I have learned that insurance company, mortgage company and government are NOT looking out for my best interest !!!

And the hardest one for me was, I've learned to trust people again......... I've learned that there are still some truly good people in this world...... and I can say that I have met a lot  of them through this process and can't say "Thank You" enough to them.........

All in all we are making progress, so that means the world to me.......it is not as fast as I'd like or always the way I want it, but it is progress so that means something, right?

Here are a couple pictures of the house when the water was rising on the morning of Aug 13,2016....... as we were leaving.....we ultimately had 5 1/2ft of water in the house before this was all over...... but I know that in the end I will be able to fix this.............

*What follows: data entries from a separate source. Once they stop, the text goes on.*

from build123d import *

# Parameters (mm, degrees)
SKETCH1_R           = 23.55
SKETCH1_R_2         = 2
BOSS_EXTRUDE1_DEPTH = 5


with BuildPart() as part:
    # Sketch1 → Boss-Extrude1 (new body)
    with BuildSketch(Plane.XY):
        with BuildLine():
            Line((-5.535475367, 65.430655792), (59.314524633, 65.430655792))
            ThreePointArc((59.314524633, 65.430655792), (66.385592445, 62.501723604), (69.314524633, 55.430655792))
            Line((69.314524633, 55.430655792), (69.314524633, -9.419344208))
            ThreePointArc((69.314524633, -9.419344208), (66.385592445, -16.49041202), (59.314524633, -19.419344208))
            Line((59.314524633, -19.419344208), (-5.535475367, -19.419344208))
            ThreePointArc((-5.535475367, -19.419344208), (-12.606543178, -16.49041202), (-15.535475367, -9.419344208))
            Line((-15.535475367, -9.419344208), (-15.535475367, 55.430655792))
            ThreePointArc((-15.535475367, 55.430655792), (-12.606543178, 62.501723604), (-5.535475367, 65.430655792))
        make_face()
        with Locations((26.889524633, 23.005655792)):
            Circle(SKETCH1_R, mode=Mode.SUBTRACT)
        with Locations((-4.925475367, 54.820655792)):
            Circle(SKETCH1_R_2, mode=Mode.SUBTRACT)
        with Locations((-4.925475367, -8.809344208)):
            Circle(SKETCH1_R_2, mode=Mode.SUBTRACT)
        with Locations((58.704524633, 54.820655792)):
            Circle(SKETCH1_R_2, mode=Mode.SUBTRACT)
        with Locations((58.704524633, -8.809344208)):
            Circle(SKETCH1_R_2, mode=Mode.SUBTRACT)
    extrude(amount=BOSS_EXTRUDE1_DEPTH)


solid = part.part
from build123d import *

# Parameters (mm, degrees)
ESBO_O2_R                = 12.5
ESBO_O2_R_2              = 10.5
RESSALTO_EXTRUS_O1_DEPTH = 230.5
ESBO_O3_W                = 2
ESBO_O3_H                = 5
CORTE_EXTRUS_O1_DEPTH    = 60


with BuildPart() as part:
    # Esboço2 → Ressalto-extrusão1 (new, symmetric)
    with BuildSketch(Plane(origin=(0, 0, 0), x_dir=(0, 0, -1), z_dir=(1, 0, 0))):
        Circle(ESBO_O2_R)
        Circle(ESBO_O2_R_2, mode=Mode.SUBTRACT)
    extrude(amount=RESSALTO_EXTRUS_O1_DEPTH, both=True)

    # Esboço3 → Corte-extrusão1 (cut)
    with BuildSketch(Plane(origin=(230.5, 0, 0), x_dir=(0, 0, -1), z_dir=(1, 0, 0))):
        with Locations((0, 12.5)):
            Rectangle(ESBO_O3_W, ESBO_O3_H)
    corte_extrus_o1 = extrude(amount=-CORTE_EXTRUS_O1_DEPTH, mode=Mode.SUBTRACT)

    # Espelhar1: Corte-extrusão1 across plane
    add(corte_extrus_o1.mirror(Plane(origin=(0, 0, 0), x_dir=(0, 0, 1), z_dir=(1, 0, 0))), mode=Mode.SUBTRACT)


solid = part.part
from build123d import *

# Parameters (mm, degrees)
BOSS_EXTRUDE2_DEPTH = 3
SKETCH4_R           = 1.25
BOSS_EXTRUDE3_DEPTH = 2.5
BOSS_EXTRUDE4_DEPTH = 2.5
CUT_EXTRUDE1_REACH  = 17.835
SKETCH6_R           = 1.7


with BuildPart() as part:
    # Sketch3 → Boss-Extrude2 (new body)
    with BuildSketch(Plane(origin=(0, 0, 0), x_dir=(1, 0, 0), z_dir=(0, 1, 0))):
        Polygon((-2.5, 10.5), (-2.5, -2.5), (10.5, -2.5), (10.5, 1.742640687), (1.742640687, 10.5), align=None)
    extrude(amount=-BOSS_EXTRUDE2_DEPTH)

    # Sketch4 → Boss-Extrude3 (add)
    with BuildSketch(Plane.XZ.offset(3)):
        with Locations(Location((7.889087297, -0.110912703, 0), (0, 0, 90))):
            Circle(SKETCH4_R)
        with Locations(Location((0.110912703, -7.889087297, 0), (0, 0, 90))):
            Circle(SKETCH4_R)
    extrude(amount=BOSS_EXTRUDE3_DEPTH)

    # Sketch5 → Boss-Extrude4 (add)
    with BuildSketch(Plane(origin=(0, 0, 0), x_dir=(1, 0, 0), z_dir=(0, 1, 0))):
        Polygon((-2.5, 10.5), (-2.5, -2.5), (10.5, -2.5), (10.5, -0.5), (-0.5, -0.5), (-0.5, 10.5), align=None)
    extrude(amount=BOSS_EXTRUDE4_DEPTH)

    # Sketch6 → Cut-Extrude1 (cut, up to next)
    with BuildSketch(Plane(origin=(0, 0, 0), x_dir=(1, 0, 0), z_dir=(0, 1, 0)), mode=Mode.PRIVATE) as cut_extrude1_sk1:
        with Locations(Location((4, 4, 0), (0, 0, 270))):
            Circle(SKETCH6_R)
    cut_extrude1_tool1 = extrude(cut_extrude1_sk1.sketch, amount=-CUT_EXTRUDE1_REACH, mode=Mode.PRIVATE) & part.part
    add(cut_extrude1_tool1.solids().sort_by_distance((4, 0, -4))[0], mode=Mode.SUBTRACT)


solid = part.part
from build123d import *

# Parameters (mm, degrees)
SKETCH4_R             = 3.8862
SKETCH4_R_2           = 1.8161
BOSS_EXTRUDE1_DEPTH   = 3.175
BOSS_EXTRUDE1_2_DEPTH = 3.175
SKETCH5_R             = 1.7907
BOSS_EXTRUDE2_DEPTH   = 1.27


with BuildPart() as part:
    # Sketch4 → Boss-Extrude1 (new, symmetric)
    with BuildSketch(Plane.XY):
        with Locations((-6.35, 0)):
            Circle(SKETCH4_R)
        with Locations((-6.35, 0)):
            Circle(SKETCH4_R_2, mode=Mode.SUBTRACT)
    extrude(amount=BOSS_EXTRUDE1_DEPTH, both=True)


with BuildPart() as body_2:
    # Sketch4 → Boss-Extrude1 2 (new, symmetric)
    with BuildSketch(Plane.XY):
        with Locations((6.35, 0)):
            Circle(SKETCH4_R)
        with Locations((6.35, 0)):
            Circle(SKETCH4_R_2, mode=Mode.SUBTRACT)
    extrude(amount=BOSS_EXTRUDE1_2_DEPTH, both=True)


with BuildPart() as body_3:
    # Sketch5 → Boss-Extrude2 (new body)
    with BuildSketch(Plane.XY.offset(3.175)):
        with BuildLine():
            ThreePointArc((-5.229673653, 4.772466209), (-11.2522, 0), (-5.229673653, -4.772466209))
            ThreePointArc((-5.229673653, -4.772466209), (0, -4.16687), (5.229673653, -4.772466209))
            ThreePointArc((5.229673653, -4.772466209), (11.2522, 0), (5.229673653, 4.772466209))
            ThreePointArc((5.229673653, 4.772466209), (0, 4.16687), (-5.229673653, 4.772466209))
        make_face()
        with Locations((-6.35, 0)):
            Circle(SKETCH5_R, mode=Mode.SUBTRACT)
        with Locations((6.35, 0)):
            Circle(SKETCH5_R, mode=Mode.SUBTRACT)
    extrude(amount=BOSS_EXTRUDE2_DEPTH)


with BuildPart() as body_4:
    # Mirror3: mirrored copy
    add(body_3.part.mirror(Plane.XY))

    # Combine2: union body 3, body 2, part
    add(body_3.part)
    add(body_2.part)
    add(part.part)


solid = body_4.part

Again thanks for the thoughts and prayers everyone..........ShoneyBoy













13925418_10206594197403083_5425969241014079477_n.j



__ shoneyboy
__ Jan 5, 2017


















13934652_10206574671194940_2200316311360413231_n.j



__ shoneyboy
__ Jan 5, 2017


----------



## daveomak (Jan 5, 2017)

SB, evening....  Good to hear from you again....   Sounds as if you came out of the bad situation with a clear mind...  that's a good thing...   I'm glad you whipped the toughest part of healing....  All the best to you, your family and your NEW family...     Dave


----------



## SmokinAl (Jan 6, 2017)

My Gosh, that has to be a terrible experience to go through!

I'm glad to hear you came out on the other side a better man.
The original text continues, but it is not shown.